Pull every line holding the word "CarKinematicsInertialFrame" out of the data and copy it.

Stored data entries:
++++++

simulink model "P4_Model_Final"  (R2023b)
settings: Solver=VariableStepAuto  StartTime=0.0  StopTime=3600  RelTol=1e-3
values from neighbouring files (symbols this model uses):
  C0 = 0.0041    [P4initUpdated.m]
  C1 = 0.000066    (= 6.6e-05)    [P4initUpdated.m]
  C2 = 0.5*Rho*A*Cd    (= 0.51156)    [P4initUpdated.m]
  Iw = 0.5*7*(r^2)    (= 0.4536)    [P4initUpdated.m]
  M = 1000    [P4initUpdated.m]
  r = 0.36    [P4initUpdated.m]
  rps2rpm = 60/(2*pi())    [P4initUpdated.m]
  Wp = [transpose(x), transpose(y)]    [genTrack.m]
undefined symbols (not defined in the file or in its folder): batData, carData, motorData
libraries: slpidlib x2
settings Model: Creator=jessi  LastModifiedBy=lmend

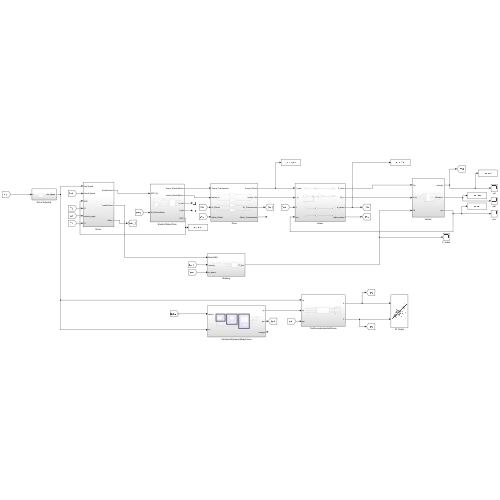
[thumbnail: Simulink's stored preview of the top-level diagram]
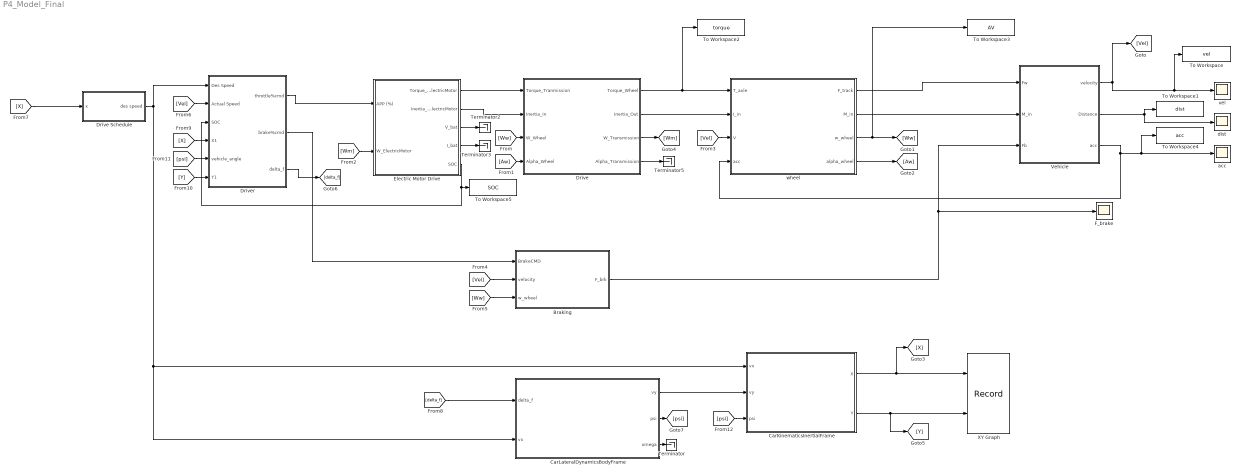
== system P4_Model_Final ==
  Braking : Subsystem
  CarKinematicsInertialFrame : Subsystem
  CarLateralDynamicsBodyFrame : Subsystem
  Drive : Subsystem
  Drive Schedule : Subsystem
  Driver : Subsystem
  Electric Motor Drive : Subsystem
  F_brake : Scope
  Terminator{,2..3,5} (4 alike) : Terminator
  To Workspace : ToWorkspace  VariableName=vel  SaveFormat=Timeseries  SampleTime=-1
  To Workspace1 : ToWorkspace  VariableName=dist  SaveFormat=Timeseries  SampleTime=-1
  To Workspace2 : ToWorkspace  VariableName=torque  SaveFormat=Timeseries  SampleTime=-1
  To Workspace3 : ToWorkspace  VariableName=AV  SaveFormat=Timeseries  SampleTime=-1
  To Workspace4 : ToWorkspace  VariableName=acc  SaveFormat=Timeseries  SampleTime=-1
  To Workspace5 : ToWorkspace  VariableName=SOC  SaveFormat=Timeseries  SampleTime=-1
  Vehicle : Subsystem
  XY Graph : Record  FileSettingsInternal="{\"entries\":[{\"content\":{\"excelSettings\":{\"content\":{},\"type\":\"Streamout.ExcelSettings\"}},\"type\":\"Streamout.FileSettingStorage\",\"uuid\":\"\"}],\"packageUris\":[\"http:\\/\\/schema.mathworks.com\\/mf0\\/streamout_blocks\\/R2020a\"],\"version\":\"1.0\"}"  Layout=[1 1]  SignalsInternal="{\"entries\":[{\"content\":{\"signals\":[{\"content\":{\"blockPath\":[],\"dimensions\":[1],\"domain\":\"\",\"lineColor\":\"#7e2f8e\",\"port\":1,\"sid\":[\"\"],\"signalID\":5613,\"signalName\":\"CarKinematicsInertialFrame:1\"},\"type\":\"RecordBlkView.Signal\",\"uuid\":\"\"},{\"content\":{\"blockPath\":[],\"dimensions\":[1],\"domain\":\"\",\"lineColor\":\"#77ac30\",\"port\":2,\"sid\":[\"\"],\"signalID\":5617,\"signalName\":\"CarKinematicsInertialFrame:2\"},\"type\":\"RecordBlkView.Signal\",\"uuid\":\"\"}]},\"type\":\"RecordBlkView.InputSignals\",\"uuid\":\"\"}],\"packageUris\":[\"http:\\/\\/schema.mathworks.com\\/mf0\\/streamout_blocks\\/R2020a\"],\"version\":\"1.0\"}"  VisualizationBindings="{\"xyplotplugin\":{\"info\":[{\"series\":[],\"subplotID\":1}]}}"  CompatibilityTag=XY  st=-1
  acc : Scope
  dist : Scope
  vel : Scope
  "wheel " : Subsystem
  wires:
  [Ww] -> Braking/3(w_wheel)
  [Vel] -> Braking/2("velocity ")
  "wheel "/3(w_wheel) -> To Workspace3/1, [Ww]
  "wheel "/1(F_track) -> Vehicle/1("Fw ")
  [Wm] -> Electric Motor Drive/2(W_ElectricMotor)
  "wheel "/2(M_in) -> Vehicle/2("M_in ")
  [Ww] -> Drive/3(W_Wheel)
  Drive/1(Torque_Wheel) -> To Workspace2/1, "wheel "/1(T_axle)
  Drive/2(Inertia_Out) -> "wheel "/2(I_in)
  Electric Motor Drive/4(I_bat) -> Terminator3/1
  [Vel] -> "wheel "/3(V)
  Electric Motor Drive/3(V_bat) -> Terminator2/1
  Vehicle/2("Distance ") -> dist/1, To Workspace1/1
  Braking/1("F_brk ") -> F_brake/1, Vehicle/3("Fb ")
  Drive/4(Alpha_Transmission) -> Terminator5/1
  Electric Motor Drive/2(Inertia_ElectricMotor) -> Drive/2(Inertia_In)
  Vehicle/3(acc) -> "wheel "/4(acc), To Workspace4/1, acc/1
  Vehicle/1("velocity ") -> To Workspace/1, vel/1, [Vel]
  Electric Motor Drive/1(Torque_ElectricMotor) -> Drive/1(Torque_Tranmission)
  "wheel "/4(alpha_wheel) -> [Aw]
  [Aw] -> Drive/4(Alpha_Wheel)
  Drive/3(W_Transmission) -> [Wm]
  Drive Schedule/1("des speed ") -> Driver/1("Des Speed "), CarKinematicsInertialFrame/1(vx), CarLateralDynamicsBodyFrame/2(vx)
  [delta_f] -> CarLateralDynamicsBodyFrame/1(delta_f)
  CarKinematicsInertialFrame/1(X) -> [X], XY Graph/1
  CarKinematicsInertialFrame/2(Y) -> [Y], XY Graph/2
  CarLateralDynamicsBodyFrame/1(vy) -> CarKinematicsInertialFrame/2(vy)
  [X] -> Drive Schedule/1(x)
  CarLateralDynamicsBodyFrame/3(omega) -> Terminator/1
  [Y] -> Driver/6(Y1)
  Driver/3(delta_f) -> [delta_f]
  Driver/2("brake%cmd ") -> Braking/1("BrakeCMD ")
  Driver/1(throttle%cmd) -> Electric Motor Drive/1(APP (%))
  CarLateralDynamicsBodyFrame/2(psi) -> [psi]
  [psi] -> CarKinematicsInertialFrame/3(psi)
  Electric Motor Drive/5(SOC) -> Driver/3(SOC), To Workspace5/1
  [X] -> Driver/4(X1)
  [Vel] -> Driver/2(Actual Speed)
  [psi] -> Driver/5(vehicle_angle)

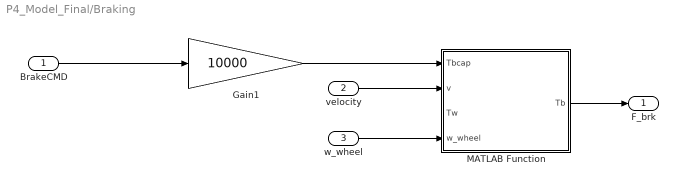
== system P4_Model_Final/Braking ==
  "BrakeCMD " : Inport
  "velocity " : Inport  Port=2
  w_wheel : Inport  Port=3
  Gain1 : Gain  Gain=10000
  MATLAB Function : MATLAB Function  TreatAsAtomicUnit=on
  "F_brk " : Outport  VectorParamsAs1DForOutWhenUnconnected=off
  wires:
  "BrakeCMD "/1 -> Gain1/1
  Gain1/1 -> MATLAB Function/1(Tbcap)
  MATLAB Function/1(Tb) -> "F_brk "/1
  "velocity "/1 -> MATLAB Function/2(v)
  w_wheel/1 -> MATLAB Function/4(w_wheel)

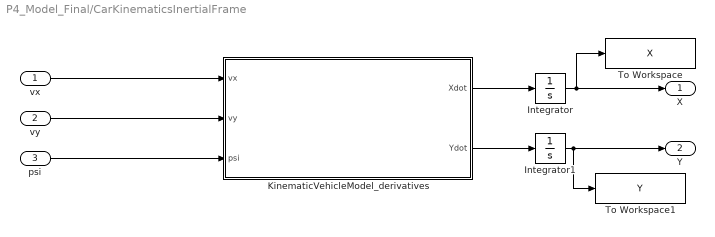
== system P4_Model_Final/CarKinematicsInertialFrame ==
  vx : Inport
  vy : Inport  Port=2
  psi : Inport  Port=3
  Integrator : Integrator  InitialCondition=carData.init.X0
  Integrator1 : Integrator  InitialCondition=carData.init.Y0
  KinematicVehicleModel_derivatives : MATLAB Function  TreatAsAtomicUnit=on  mask{obj=carData}
      mask prompts: obj "obj structure"
  To Workspace : ToWorkspace  VariableName=X  SaveFormat=Timeseries  SampleTime=-1
  To Workspace1 : ToWorkspace  VariableName=Y  SaveFormat=Timeseries  SampleTime=-1
  X : Outport
  Y : Outport  Port=2
  wires:
  KinematicVehicleModel_derivatives/1(Xdot) -> Integrator/1
  KinematicVehicleModel_derivatives/2(Ydot) -> Integrator1/1
  Integrator/1 -> To Workspace/1, X/1
  Integrator1/1 -> To Workspace1/1, Y/1
  vx/1 -> KinematicVehicleModel_derivatives/1(vx)
  vy/1 -> KinematicVehicleModel_derivatives/2(vy)
  psi/1 -> KinematicVehicleModel_derivatives/3(psi)

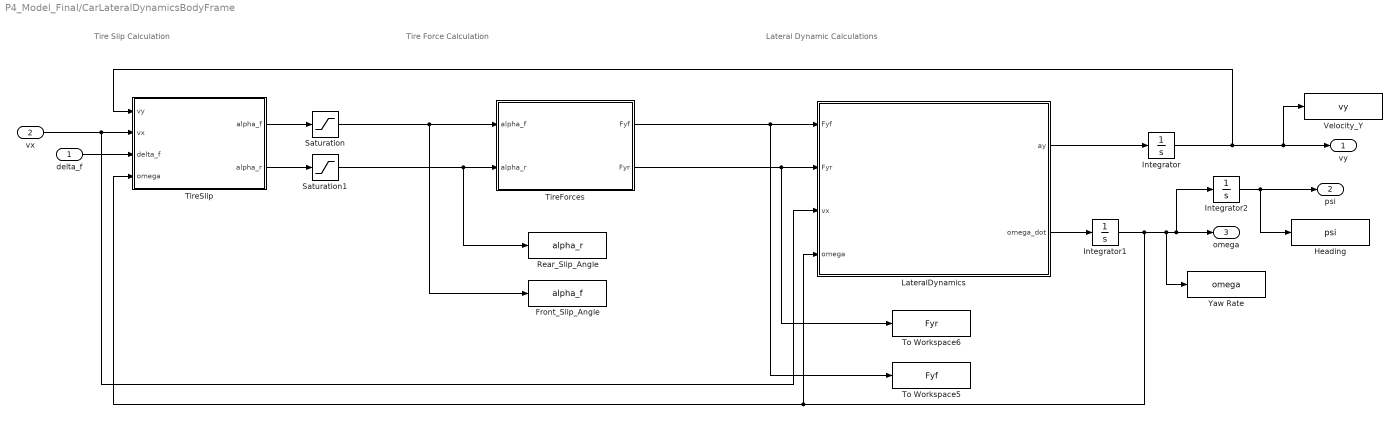
== system P4_Model_Final/CarLateralDynamicsBodyFrame ==
  note: Tire Slip Calculation
  note: Tire Force Calculation
  note: Lateral Dynamic Calculations
  delta_f : Inport
  vx : Inport  Port=2
  Front_Slip_Angle : ToWorkspace  VariableName=alpha_f  SaveFormat=Timeseries  SampleTime=-1
  Heading : ToWorkspace  VariableName=psi  SaveFormat=Timeseries  SampleTime=-1
  Integrator : Integrator  InitialCondition=carData.init.vy0
  Integrator1 : Integrator  InitialCondition=carData.init.omega0
  Integrator2 : Integrator  InitialCondition=carData.init.psi0
  LateralDynamics : MATLAB Function  TreatAsAtomicUnit=on  mask{obj=carData}
      mask prompts: obj "obj structure"
  Rear_Slip_Angle : ToWorkspace  VariableName=alpha_r  SaveFormat=Timeseries  SampleTime=-1
  Saturation : Saturate  UpperLimit=carData.maxAlpha  LowerLimit=-carData.maxAlpha
  Saturation1 : Saturate  UpperLimit=carData.maxAlpha  LowerLimit=-carData.maxAlpha
  TireForces : MATLAB Function  TreatAsAtomicUnit=on  mask{obj=carData}
      mask prompts: obj "obj structure"
  TireSlip : MATLAB Function  TreatAsAtomicUnit=on  mask{obj=carData}
      mask prompts: obj "obj structure"
  To Workspace5 : ToWorkspace  VariableName=Fyf  SaveFormat=Timeseries  SampleTime=-1
  To Workspace6 : ToWorkspace  VariableName=Fyr  SaveFormat=Timeseries  SampleTime=-1
  Velocity_Y : ToWorkspace  VariableName=vy  SaveFormat=Timeseries  SampleTime=-1
  Yaw Rate : ToWorkspace  VariableName=omega  SaveFormat=Timeseries  SampleTime=-1
  vy : Outport
  psi : Outport  Port=2
  omega : Outport  Port=3
  wires:
  LateralDynamics/1(ay) -> Integrator/1
  Integrator/1 -> vy/1, Velocity_Y/1, TireSlip/1(vy)
  LateralDynamics/2(omega_dot) -> Integrator1/1
  Integrator1/1 -> Integrator2/1, omega/1, Yaw Rate/1, LateralDynamics/4(omega), TireSlip/4(omega)
  TireSlip/1(alpha_f) -> Saturation/1
  TireSlip/2(alpha_r) -> Saturation1/1
  TireForces/1(Fyf) -> LateralDynamics/1(Fyf), To Workspace5/1
  TireForces/2(Fyr) -> LateralDynamics/2(Fyr), To Workspace6/1
  Saturation/1 -> TireForces/1(alpha_f), Front_Slip_Angle/1
  Saturation1/1 -> TireForces/2(alpha_r), Rear_Slip_Angle/1
  vx/1 -> TireSlip/2(vx), LateralDynamics/3(vx)
  delta_f/1 -> TireSlip/3(delta_f)
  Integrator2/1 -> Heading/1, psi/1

++++++

Answer for the task:
  CarKinematicsInertialFrame : Subsystem
  XY Graph : Record  FileSettingsInternal="{\"entries\":[{\"content\":{\"excelSettings\":{\"content\":{},\"type\":\"Streamout.ExcelSettings\"}},\"type\":\"Streamout.FileSettingStorage\",\"uuid\":\"\"}],\"packageUris\":[\"http:\\/\\/schema.mathworks.com\\/mf0\\/streamout_blocks\\/R2020a\"],\"version\":\"1.0\"}"  Layout=[1 1]  SignalsInternal="{\"entries\":[{\"content\":{\"signals\":[{\"content\":{\"blockPath\":[],\"dimensions\":[1],\"domain\":\"\",\"lineColor\":\"#7e2f8e\",\"port\":1,\"sid\":[\"\"],\"signalID\":5613,\"signalName\":\"CarKinematicsInertialFrame:1\"},\"type\":\"RecordBlkView.Signal\",\"uuid\":\"\"},{\"content\":{\"blockPath\":[],\"dimensions\":[1],\"domain\":\"\",\"lineColor\":\"#77ac30\",\"port\":2,\"sid\":[\"\"],\"signalID\":5617,\"signalName\":\"CarKinematicsInertialFrame:2\"},\"type\":\"RecordBlkView.Signal\",\"uuid\":\"\"}]},\"type\":\"RecordBlkView.InputSignals\",\"uuid\":\"\"}],\"packageUris\":[\"http:\\/\\/schema.mathworks.com\\/mf0\\/streamout_blocks\\/R2020a\"],\"version\":\"1.0\"}"  VisualizationBindings="{\"xyplotplugin\":{\"info\":[{\"series\":[],\"subplotID\":1}]}}"  CompatibilityTag=XY  st=-1
  Drive Schedule/1("des speed ") -> Driver/1("Des Speed "), CarKinematicsInertialFrame/1(vx), CarLateralDynamicsBodyFrame/2(vx)
  CarKinematicsInertialFrame/1(X) -> [X], XY Graph/1
  CarKinematicsInertialFrame/2(Y) -> [Y], XY Graph/2
  CarLateralDynamicsBodyFrame/1(vy) -> CarKinematicsInertialFrame/2(vy)
  [psi] -> CarKinematicsInertialFrame/3(psi)
== system P4_Model_Final/CarKinematicsInertialFrame ==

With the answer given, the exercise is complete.